I repeated this experiment enough times to see that the difference is statistically significant.

I was trying to read and reread the documentation to see if I'm missing something but to no avail.

Btw, the same holds true for StratifiedKFold and RepeatedStratifiedKFold:

StratifiedKFold
mean =  0.9159935004642525
std =  0.026687786392525545

RepeatedStratifiedKFold
mean =  0.9560476632621479
std =  0.014405630805910506

For this data set, StratifiedKFold agrees with KFold; RepeatedStratifiedKFold agrees with RepeatedSKFold.

UPDATE Following the suggestion from @Dan and @SergeyBushmanov, I included shuffle and random_state

def run_nfold(X,y, classifier, scorer, cv,  n_repeats):
    results = []
    for n in range(n_repeats):
        for train_index, test_index in cv.split(X, y):
            x_train, y_train = X[train_index], y[train_index]
            x_test, y_test = X[test_index], y[test_index]
            classifier.fit(x_train, y_train)
            results.append(scorer(y_test, classifier.predict(x_test)))    
    return results
kf = KFold(n_splits=n_splits)
results_kf = run_nfold(X,y, classifier, scorer, kf, 10)
print('KFold mean = ', np.mean(results_kf))
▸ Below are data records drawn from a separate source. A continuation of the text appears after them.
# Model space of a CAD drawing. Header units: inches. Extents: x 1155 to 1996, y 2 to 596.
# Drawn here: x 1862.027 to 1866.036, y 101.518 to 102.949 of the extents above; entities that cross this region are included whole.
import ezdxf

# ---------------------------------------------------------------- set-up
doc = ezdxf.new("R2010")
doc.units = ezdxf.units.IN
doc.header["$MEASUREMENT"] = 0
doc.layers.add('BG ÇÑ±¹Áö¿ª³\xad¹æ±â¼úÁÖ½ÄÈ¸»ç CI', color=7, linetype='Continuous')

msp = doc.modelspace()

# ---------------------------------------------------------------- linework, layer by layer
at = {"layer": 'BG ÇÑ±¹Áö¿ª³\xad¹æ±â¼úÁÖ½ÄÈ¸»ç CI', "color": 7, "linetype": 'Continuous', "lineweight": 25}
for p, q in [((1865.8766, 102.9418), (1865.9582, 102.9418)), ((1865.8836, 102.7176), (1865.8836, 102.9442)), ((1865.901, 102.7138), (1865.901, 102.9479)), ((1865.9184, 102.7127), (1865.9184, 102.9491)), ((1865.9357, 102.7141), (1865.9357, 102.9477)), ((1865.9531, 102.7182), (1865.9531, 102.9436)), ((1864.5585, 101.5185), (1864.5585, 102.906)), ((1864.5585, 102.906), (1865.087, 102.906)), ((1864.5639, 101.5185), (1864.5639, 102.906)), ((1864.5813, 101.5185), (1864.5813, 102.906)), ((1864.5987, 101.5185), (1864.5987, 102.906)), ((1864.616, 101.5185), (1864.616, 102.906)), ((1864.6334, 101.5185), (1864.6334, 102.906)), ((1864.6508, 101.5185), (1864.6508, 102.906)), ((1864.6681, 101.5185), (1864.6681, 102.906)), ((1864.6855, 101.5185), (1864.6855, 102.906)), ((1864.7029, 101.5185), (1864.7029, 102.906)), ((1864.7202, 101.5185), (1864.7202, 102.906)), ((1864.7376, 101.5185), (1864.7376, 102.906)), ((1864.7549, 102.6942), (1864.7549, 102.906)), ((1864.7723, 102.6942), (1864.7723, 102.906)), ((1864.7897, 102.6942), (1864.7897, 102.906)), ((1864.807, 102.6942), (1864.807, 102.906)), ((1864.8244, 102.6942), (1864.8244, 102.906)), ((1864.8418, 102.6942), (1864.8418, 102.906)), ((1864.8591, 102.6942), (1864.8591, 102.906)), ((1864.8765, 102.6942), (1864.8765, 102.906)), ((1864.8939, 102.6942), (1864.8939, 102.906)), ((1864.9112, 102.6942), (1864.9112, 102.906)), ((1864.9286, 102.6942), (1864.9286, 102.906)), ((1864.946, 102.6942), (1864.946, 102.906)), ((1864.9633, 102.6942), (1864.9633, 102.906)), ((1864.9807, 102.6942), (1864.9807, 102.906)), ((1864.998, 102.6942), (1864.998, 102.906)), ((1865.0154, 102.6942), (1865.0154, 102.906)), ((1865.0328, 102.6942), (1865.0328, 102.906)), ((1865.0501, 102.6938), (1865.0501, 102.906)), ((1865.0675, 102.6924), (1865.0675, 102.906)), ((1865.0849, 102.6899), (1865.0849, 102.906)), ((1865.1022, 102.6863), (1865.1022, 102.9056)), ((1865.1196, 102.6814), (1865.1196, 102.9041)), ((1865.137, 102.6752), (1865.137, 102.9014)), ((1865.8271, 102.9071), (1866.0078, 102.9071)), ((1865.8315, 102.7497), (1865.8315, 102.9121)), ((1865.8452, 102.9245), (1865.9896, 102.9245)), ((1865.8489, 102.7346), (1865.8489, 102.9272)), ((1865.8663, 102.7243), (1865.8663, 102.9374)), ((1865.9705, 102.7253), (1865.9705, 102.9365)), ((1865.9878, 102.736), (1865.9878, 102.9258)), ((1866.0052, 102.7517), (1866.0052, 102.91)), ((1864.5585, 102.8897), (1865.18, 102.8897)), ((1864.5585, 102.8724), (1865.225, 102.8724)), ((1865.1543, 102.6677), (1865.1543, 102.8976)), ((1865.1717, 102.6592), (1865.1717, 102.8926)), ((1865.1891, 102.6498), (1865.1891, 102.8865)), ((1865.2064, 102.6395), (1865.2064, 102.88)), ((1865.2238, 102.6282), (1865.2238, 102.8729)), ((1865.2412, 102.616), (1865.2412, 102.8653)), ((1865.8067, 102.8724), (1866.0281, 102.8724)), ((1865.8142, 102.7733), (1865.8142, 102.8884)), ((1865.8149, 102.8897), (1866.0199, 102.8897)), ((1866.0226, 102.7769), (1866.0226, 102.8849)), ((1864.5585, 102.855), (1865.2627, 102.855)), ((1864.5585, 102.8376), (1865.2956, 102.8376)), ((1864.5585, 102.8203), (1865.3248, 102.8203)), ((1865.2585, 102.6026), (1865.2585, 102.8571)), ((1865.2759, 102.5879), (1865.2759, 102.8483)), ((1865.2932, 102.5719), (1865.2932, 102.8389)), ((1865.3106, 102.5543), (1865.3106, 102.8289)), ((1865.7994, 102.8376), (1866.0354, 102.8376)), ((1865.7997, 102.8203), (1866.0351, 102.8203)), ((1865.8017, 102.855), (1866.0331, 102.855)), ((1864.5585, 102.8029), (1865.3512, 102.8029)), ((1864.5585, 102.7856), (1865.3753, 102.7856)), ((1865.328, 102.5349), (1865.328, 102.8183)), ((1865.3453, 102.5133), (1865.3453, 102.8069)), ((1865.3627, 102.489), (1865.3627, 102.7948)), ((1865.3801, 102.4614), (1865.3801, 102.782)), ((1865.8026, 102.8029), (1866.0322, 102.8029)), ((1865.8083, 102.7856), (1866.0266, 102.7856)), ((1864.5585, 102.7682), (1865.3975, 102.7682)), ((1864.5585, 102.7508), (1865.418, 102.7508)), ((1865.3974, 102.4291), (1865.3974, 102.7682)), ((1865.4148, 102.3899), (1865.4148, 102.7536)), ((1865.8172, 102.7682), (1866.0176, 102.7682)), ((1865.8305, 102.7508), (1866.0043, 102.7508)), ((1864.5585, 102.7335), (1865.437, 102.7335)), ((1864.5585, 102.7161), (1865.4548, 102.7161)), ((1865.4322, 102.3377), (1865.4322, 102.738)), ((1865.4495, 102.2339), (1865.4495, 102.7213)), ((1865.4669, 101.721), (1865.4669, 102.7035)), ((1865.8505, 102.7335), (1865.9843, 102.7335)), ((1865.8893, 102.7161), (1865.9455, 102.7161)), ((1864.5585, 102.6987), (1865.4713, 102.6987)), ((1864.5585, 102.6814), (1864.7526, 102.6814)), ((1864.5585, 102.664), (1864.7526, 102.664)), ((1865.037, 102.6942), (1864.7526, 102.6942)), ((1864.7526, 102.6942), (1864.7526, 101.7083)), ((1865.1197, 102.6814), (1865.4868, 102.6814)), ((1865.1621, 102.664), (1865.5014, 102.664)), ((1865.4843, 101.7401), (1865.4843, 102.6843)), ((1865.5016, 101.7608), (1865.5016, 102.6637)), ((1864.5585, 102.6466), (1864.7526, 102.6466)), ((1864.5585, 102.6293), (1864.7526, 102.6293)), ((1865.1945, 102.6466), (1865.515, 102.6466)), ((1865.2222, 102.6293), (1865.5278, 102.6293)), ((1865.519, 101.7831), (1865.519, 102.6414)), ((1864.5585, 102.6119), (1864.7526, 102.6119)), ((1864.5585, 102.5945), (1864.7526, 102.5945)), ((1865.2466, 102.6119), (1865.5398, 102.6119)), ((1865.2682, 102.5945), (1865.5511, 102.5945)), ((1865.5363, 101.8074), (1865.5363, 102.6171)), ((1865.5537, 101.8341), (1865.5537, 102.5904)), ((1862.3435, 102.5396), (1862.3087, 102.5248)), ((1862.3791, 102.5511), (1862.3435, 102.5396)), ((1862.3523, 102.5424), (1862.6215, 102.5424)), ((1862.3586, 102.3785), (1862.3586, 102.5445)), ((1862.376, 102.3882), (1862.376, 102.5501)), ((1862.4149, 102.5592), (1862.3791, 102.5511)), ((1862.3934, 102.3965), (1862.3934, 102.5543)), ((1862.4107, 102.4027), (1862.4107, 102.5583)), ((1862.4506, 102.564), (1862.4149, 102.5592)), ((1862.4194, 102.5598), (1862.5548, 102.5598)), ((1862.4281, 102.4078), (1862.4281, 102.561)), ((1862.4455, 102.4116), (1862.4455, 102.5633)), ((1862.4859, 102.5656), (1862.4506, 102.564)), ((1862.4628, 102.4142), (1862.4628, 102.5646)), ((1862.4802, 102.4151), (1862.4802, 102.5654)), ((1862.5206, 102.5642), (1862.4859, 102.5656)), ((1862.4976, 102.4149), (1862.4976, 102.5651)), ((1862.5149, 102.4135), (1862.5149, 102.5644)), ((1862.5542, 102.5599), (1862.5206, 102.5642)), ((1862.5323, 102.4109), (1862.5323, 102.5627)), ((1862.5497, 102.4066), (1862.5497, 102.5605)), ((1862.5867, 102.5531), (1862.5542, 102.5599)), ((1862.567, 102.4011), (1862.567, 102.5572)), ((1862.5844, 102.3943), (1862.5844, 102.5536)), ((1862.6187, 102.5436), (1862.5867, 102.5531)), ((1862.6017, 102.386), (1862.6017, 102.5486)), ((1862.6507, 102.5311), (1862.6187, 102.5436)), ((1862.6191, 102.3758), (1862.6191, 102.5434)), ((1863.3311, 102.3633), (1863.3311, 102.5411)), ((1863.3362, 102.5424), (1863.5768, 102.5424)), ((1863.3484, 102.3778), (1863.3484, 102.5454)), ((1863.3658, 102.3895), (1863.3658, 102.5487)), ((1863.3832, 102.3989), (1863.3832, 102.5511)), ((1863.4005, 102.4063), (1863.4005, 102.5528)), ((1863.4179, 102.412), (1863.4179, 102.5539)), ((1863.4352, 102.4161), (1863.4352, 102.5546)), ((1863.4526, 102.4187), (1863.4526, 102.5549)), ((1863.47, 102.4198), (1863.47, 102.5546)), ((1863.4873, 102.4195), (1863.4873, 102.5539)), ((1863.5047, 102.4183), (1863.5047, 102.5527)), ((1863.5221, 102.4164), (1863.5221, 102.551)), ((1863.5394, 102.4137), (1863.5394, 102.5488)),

kf_shuffle = KFold(n_splits=n_splits, shuffle=True, random_state = 11)
results_kf_shuffle = run_nfold(X,y, classifier, scorer, kf_shuffle, 10)
print('KFold Shuffled mean = ', np.mean(results_kf_shuffle))

rkf = RepeatedKFold(n_splits=n_splits, n_repeats = n_repeats, random_state = 111)
results_kf_repeated = run_nfold(X,y, classifier, scorer, rkf, 10)
print('RepeatedKFold mean = ', np.mean(results_kf_repeated)

produces

KFold mean =  0.9119255648406066
KFold Shuffled mean =  0.9505304859176724
RepeatedKFold mean =  0.950754100897555

Moreover, using Kolmogorov-Smirnov test:

print ('Compare KFold with KFold shuffled results')
ks_2samp(results_kf, results_kf_shuffle)
print ('Compare RepeatedKFold with KFold shuffled results')
ks_2samp(results_kf_repeated, results_kf_shuffle)

shows that KFold shuffled and RepeatedKFold (which looks it is is shuffled by default, you are right @Dan) are statistically the same, whereas the default non-shuffled KFold produces statistically significant lower result:

Compare KFold with KFold shuffled results
Ks_2sampResult(statistic=0.66, pvalue=1.3182765881237494e-10)

Compare RepeatedKFold with KFold shuffled results
Ks_2sampResult(statistic=0.14, pvalue=0.7166468440414822)

Now, note that I used different random_state for KFold and RepeatedKFold. So, the answer, or rather the partial answer, is that the difference in results is due to shuffling vs non-shuffling. Which makes sense, since using different random_state can change the exact split, and it shouldn't change the statistical properties, like the mean of multiple runs.

I'm now confused by why shuffling causes this effect. I've changed the title of the question to reflect this confusion ( I hope it doesn't break any stackoverflow rules, but I don't want to create another question).

UPDATE I agree with @SergeyBushmanov's suggestion. I posted it as a new question


Solution

  • To make RepeatedKFold results similar to KFold you have to:

    np.random.seed(42)
    n = np.random.choice([0,1],10,p=[.5,.5])
    kf = KFold(2,shuffle=True, random_state=42)
    list(kf.split(n))
    [(array([2, 3, 4, 6, 9]), array([0, 1, 5, 7, 8])),
     (array([0, 1, 5, 7, 8]), array([2, 3, 4, 6, 9]))]
    
    kfr = RepeatedKFold(n_splits=2, n_repeats=1, random_state=42)
    list(kfr.split(n))
    [(array([2, 3, 4, 6, 9]), array([0, 1, 5, 7, 8])),
     (array([0, 1, 5, 7, 8]), array([2, 3, 4, 6, 9]))]
    

    RepeatedKFold uses KFold to generate folds, you only need to make it sure both have similar random_state.